Relevant aspects for the Companies operating in the Pharmaceutical sector, and subject to be compliant to European and US pharmacovigilance rules, are data security and personal sensitive data treatment.
This topic, already significant with ICH ISR (R2) rules, will be more and more relevant with the forthcoming introduction of the new R3 version.
With the awareness of the great advantages of using SafetyDrugs® Pharmacovigilance platform in Software as a Service (SaaS) modality, since long time first choice of our customer base, we have decided to increase the warranty we can offer to the market, by getting an instrument that could connect the required personal data level of protection, directly with the technical project of SaaS, and its functionalities.

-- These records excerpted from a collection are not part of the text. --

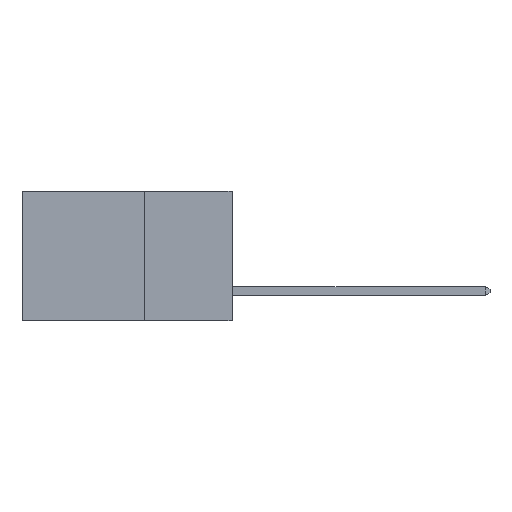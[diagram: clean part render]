
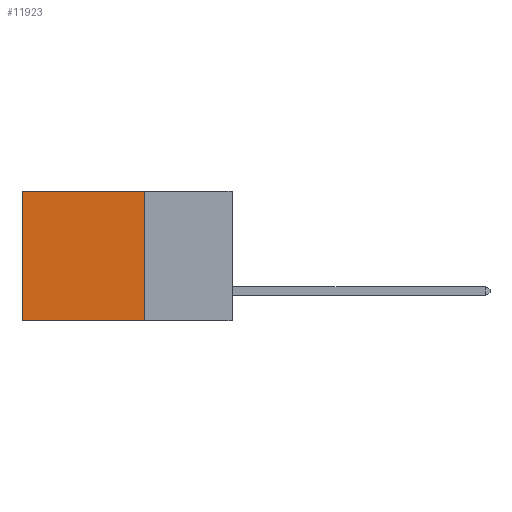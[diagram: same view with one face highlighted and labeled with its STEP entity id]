
A CAD part, left-side view. The second image highlights one B-rep face of the part: STEP entity #11923.
In plain terms, the highlighted planar face has unit normal (-1, 0, 0).
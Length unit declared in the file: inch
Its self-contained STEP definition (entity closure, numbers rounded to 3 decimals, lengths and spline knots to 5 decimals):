
#4 = DIRECTION ( 'NONE',  ( 0., 0., -1. ) ) ;
#362 = CARTESIAN_POINT ( 'NONE',  ( 0.2875, 0.25, -0.37 ) ) ;
#764 = CARTESIAN_POINT ( 'NONE',  ( 0.2875, 0.6, -0.37 ) ) ;
#1097 = VERTEX_POINT ( 'NONE', #23211 ) ;
#1752 = PLANE ( 'NONE',  #28252 ) ;
#2038 = ORIENTED_EDGE ( 'NONE', *, *, #17535, .T. ) ;
#4028 = ORIENTED_EDGE ( 'NONE', *, *, #26322, .F. ) ;
#4410 = LINE ( 'NONE', #13776, #18031 ) ;
#6503 = EDGE_CURVE ( 'NONE', #29631, #1097, #9715, .T. ) ;
#9501 = VERTEX_POINT ( 'NONE', #362 ) ;
#9715 = LINE ( 'NONE', #18307, #15260 ) ;
#11716 = ORIENTED_EDGE ( 'NONE', *, *, #22730, .F. ) ;
#11923 = ADVANCED_FACE ( 'NONE', ( #29544 ), #1752, .F. ) ;
#12784 = CARTESIAN_POINT ( 'NONE',  ( 0.2875, 0.25, 0. ) ) ;
#13776 = CARTESIAN_POINT ( 'NONE',  ( 0.2875, 0.25, 0. ) ) ;
#15260 = VECTOR ( 'NONE', #33807, 39.37008 ) ;
#15567 = DIRECTION ( 'NONE',  ( 1., 0., 0. ) ) ;
#16449 = ORIENTED_EDGE ( 'NONE', *, *, #6503, .T. ) ;
#17195 = EDGE_LOOP ( 'NONE', ( #2038, #4028, #11716, #16449 ) ) ;
#17205 = DIRECTION ( 'NONE',  ( 0., 1., 0. ) ) ;
#17223 = CARTESIAN_POINT ( 'NONE',  ( 0.2875, 0.6, 0. ) ) ;
#17535 = EDGE_CURVE ( 'NONE', #1097, #33234, #20171, .T. ) ;
#18031 = VECTOR ( 'NONE', #4, 39.37008 ) ;
#18307 = CARTESIAN_POINT ( 'NONE',  ( 0.2875, 0.25, 0. ) ) ;
#18564 = VECTOR ( 'NONE', #22492, 39.37008 ) ;
#20171 = LINE ( 'NONE', #17223, #18564 ) ;
#22095 = VECTOR ( 'NONE', #17205, 39.37008 ) ;
#22492 = DIRECTION ( 'NONE',  ( 0., 0., -1. ) ) ;
#22730 = EDGE_CURVE ( 'NONE', #29631, #9501, #4410, .T. ) ;
#23211 = CARTESIAN_POINT ( 'NONE',  ( 0.2875, 0.6, 0. ) ) ;
#25316 = LINE ( 'NONE', #30157, #22095 ) ;
#26322 = EDGE_CURVE ( 'NONE', #9501, #33234, #25316, .T. ) ;
#28252 = AXIS2_PLACEMENT_3D ( 'NONE', #12784, #15567, #33755 ) ;
#29544 = FACE_OUTER_BOUND ( 'NONE', #17195, .T. ) ;
#29631 = VERTEX_POINT ( 'NONE', #30545 ) ;
#30157 = CARTESIAN_POINT ( 'NONE',  ( 0.2875, 0.25, -0.37 ) ) ;
#30545 = CARTESIAN_POINT ( 'NONE',  ( 0.2875, 0.25, 0. ) ) ;
#33234 = VERTEX_POINT ( 'NONE', #764 ) ;
#33755 = DIRECTION ( 'NONE',  ( 0., 0., -1. ) ) ;
#33807 = DIRECTION ( 'NONE',  ( 0., 1., 0. ) ) ;
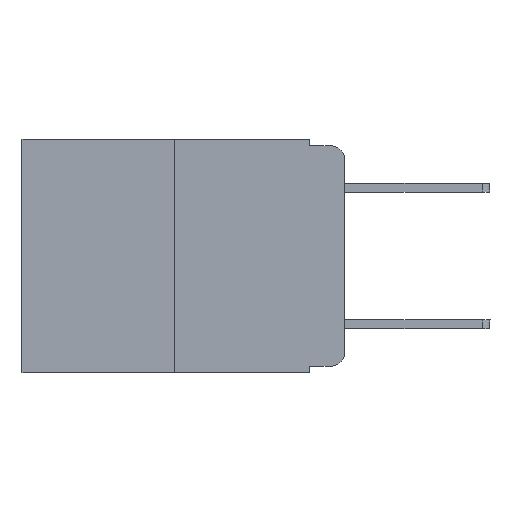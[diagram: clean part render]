
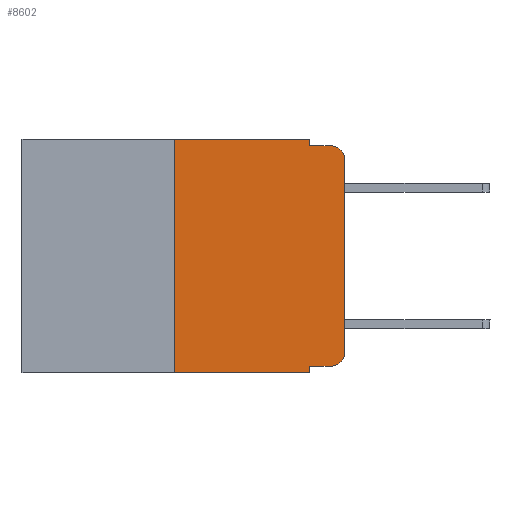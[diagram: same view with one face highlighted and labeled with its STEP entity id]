
A CAD part, left-side view. The second image highlights one B-rep face of the part: STEP entity #8602.
In plain terms, the highlighted planar face has unit normal (-1, 0, 0).
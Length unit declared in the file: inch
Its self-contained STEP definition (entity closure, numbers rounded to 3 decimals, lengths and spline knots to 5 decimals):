
#88 = ORIENTED_EDGE ( 'NONE', *, *, #8796, .T. ) ;
#380 = CARTESIAN_POINT ( 'NONE',  ( 0., 0.25, -0.343 ) ) ;
#1003 = DIRECTION ( 'NONE',  ( 0., 0., -1. ) ) ;
#1100 = CARTESIAN_POINT ( 'NONE',  ( 0., 0.473, 0. ) ) ;
#1199 = DIRECTION ( 'NONE',  ( 1., 0., 0. ) ) ;
#1237 = LINE ( 'NONE', #16130, #4247 ) ;
#1480 = DIRECTION ( 'NONE',  ( 0., 0., -1. ) ) ;
#1507 = CARTESIAN_POINT ( 'NONE',  ( 0., 0., -0.03 ) ) ;
#1538 = DIRECTION ( 'NONE',  ( 0., -1., 0. ) ) ;
#1577 = ORIENTED_EDGE ( 'NONE', *, *, #16055, .F. ) ;
#1795 = VECTOR ( 'NONE', #3419, 39.37008 ) ;
#1922 = CARTESIAN_POINT ( 'NONE',  ( 0., 0.051, 0. ) ) ;
#2046 = CARTESIAN_POINT ( 'NONE',  ( 0., 0.25, 0. ) ) ;
#2097 = VECTOR ( 'NONE', #3780, 39.37008 ) ;
#2142 = CARTESIAN_POINT ( 'NONE',  ( 0., 0.02, -0.01 ) ) ;
#2168 = CARTESIAN_POINT ( 'NONE',  ( 0., 0.051, -0.01 ) ) ;
#2484 = PLANE ( 'NONE',  #13876 ) ;
#2493 = ORIENTED_EDGE ( 'NONE', *, *, #18797, .T. ) ;
#2526 = DIRECTION ( 'NONE',  ( 0., 0., 1. ) ) ;
#2593 = EDGE_CURVE ( 'NONE', #7319, #12133, #1237, .T. ) ;
#2902 = ORIENTED_EDGE ( 'NONE', *, *, #10922, .F. ) ;
#3171 = ORIENTED_EDGE ( 'NONE', *, *, #2593, .T. ) ;
#3314 = VERTEX_POINT ( 'NONE', #2168 ) ;
#3376 = ORIENTED_EDGE ( 'NONE', *, *, #12779, .F. ) ;
#3419 = DIRECTION ( 'NONE',  ( 0., -1., 0. ) ) ;
#3780 = DIRECTION ( 'NONE',  ( 0., 0., -1. ) ) ;
#3986 = ORIENTED_EDGE ( 'NONE', *, *, #6963, .F. ) ;
#4161 = EDGE_LOOP ( 'NONE', ( #3171, #88, #2902, #3376, #1577, #9484, #2493, #3986, #8806, #9776 ) ) ;
#4247 = VECTOR ( 'NONE', #2526, 39.37008 ) ;
#4883 = VERTEX_POINT ( 'NONE', #5497 ) ;
#5393 = CARTESIAN_POINT ( 'NONE',  ( 0., 0.051, -0.343 ) ) ;
#5497 = CARTESIAN_POINT ( 'NONE',  ( 0., 0.051, 0. ) ) ;
#6398 = EDGE_CURVE ( 'NONE', #17538, #12392, #16840, .T. ) ;
#6475 = VERTEX_POINT ( 'NONE', #2142 ) ;
#6500 = CARTESIAN_POINT ( 'NONE',  ( 0., 0.02, -0.333 ) ) ;
#6963 = EDGE_CURVE ( 'NONE', #17538, #12896, #18681, .T. ) ;
#6970 = CARTESIAN_POINT ( 'NONE',  ( 0., 0.25, 0. ) ) ;
#7303 = AXIS2_PLACEMENT_3D ( 'NONE', #9032, #19324, #1480 ) ;
#7319 = VERTEX_POINT ( 'NONE', #10612 ) ;
#7461 = CARTESIAN_POINT ( 'NONE',  ( 0., 0.051, 0. ) ) ;
#7507 = VERTEX_POINT ( 'NONE', #6970 ) ;
#7575 = DIRECTION ( 'NONE',  ( 0., -1., 0. ) ) ;
#7717 = CARTESIAN_POINT ( 'NONE',  ( 0., 0.051, -0.333 ) ) ;
#8602 = ADVANCED_FACE ( 'NONE', ( #14435 ), #2484, .F. ) ;
#8685 = VECTOR ( 'NONE', #15013, 39.37008 ) ;
#8796 = EDGE_CURVE ( 'NONE', #12133, #6475, #8872, .T. ) ;
#8806 = ORIENTED_EDGE ( 'NONE', *, *, #6398, .T. ) ;
#8872 = CIRCLE ( 'NONE', #7303, 0.02 ) ;
#9014 = DIRECTION ( 'NONE',  ( -1., 0., 0. ) ) ;
#9032 = CARTESIAN_POINT ( 'NONE',  ( 0., 0.02, -0.03 ) ) ;
#9062 = CARTESIAN_POINT ( 'NONE',  ( 0., 0.051, -0.333 ) ) ;
#9183 = LINE ( 'NONE', #19282, #17283 ) ;
#9484 = ORIENTED_EDGE ( 'NONE', *, *, #15336, .F. ) ;
#9591 = LINE ( 'NONE', #2046, #11538 ) ;
#9776 = ORIENTED_EDGE ( 'NONE', *, *, #17891, .T. ) ;
#10017 = VERTEX_POINT ( 'NONE', #380 ) ;
#10612 = CARTESIAN_POINT ( 'NONE',  ( 0., 0., -0.313 ) ) ;
#10865 = DIRECTION ( 'NONE',  ( 0., 0., 1. ) ) ;
#10922 = EDGE_CURVE ( 'NONE', #3314, #6475, #12383, .T. ) ;
#11538 = VECTOR ( 'NONE', #10865, 39.37008 ) ;
#12133 = VERTEX_POINT ( 'NONE', #1507 ) ;
#12343 = DIRECTION ( 'NONE',  ( 0., 0., -1. ) ) ;
#12383 = LINE ( 'NONE', #13651, #15512 ) ;
#12392 = VERTEX_POINT ( 'NONE', #6500 ) ;
#12779 = EDGE_CURVE ( 'NONE', #4883, #3314, #14911, .T. ) ;
#12896 = VERTEX_POINT ( 'NONE', #5393 ) ;
#13651 = CARTESIAN_POINT ( 'NONE',  ( 0., 0.051, -0.01 ) ) ;
#13808 = AXIS2_PLACEMENT_3D ( 'NONE', #16750, #9014, #12343 ) ;
#13876 = AXIS2_PLACEMENT_3D ( 'NONE', #17571, #1199, #1003 ) ;
#14129 = CIRCLE ( 'NONE', #13808, 0.02 ) ;
#14435 = FACE_OUTER_BOUND ( 'NONE', #4161, .T. ) ;
#14911 = LINE ( 'NONE', #7461, #8685 ) ;
#15013 = DIRECTION ( 'NONE',  ( 0., 0., -1. ) ) ;
#15336 = EDGE_CURVE ( 'NONE', #10017, #7507, #9591, .T. ) ;
#15512 = VECTOR ( 'NONE', #7575, 39.37008 ) ;
#16055 = EDGE_CURVE ( 'NONE', #7507, #4883, #16196, .T. ) ;
#16130 = CARTESIAN_POINT ( 'NONE',  ( 0., 0., 0. ) ) ;
#16196 = LINE ( 'NONE', #1100, #16261 ) ;
#16261 = VECTOR ( 'NONE', #17670, 39.37008 ) ;
#16750 = CARTESIAN_POINT ( 'NONE',  ( 0., 0.02, -0.313 ) ) ;
#16840 = LINE ( 'NONE', #7717, #1795 ) ;
#17283 = VECTOR ( 'NONE', #1538, 39.37008 ) ;
#17538 = VERTEX_POINT ( 'NONE', #9062 ) ;
#17571 = CARTESIAN_POINT ( 'NONE',  ( 0., 0.473, 0. ) ) ;
#17670 = DIRECTION ( 'NONE',  ( 0., -1., 0. ) ) ;
#17891 = EDGE_CURVE ( 'NONE', #12392, #7319, #14129, .T. ) ;
#18681 = LINE ( 'NONE', #1922, #2097 ) ;
#18797 = EDGE_CURVE ( 'NONE', #10017, #12896, #9183, .T. ) ;
#19282 = CARTESIAN_POINT ( 'NONE',  ( 0., 0.473, -0.343 ) ) ;
#19324 = DIRECTION ( 'NONE',  ( -1., 0., 0. ) ) ;

So we achieved that Privacy by design and Privacy by default were words that had to be fulfilled (filled)with contents.
The first step was to require the support and legal advice of Colin – Consulente Legale Informatico (Informatic Legal Consultant), a major consultant legal firm in information technology, and to obtain the “SafetyDrugs® privacy compliance”.
The second one was to integrate into a solid contractual structure the “Privacy Level Agreement”, to propose to our customer together with the “Service Level Agreement”.
Synthetically, the topics treated in the PLA are related to: Sensitive and personal data processing; Data transfer; Security measures; Third party certifications; Portability, migration, and guarantees for transfers; Retention, return and cancellation of data.
Improving transparency, lightening the expensive and time-wasting system validation activities, simplifying the pharmacovigilance process, are our main objectives.
We believe that the Privacy Level Agreement represents a further step in this way.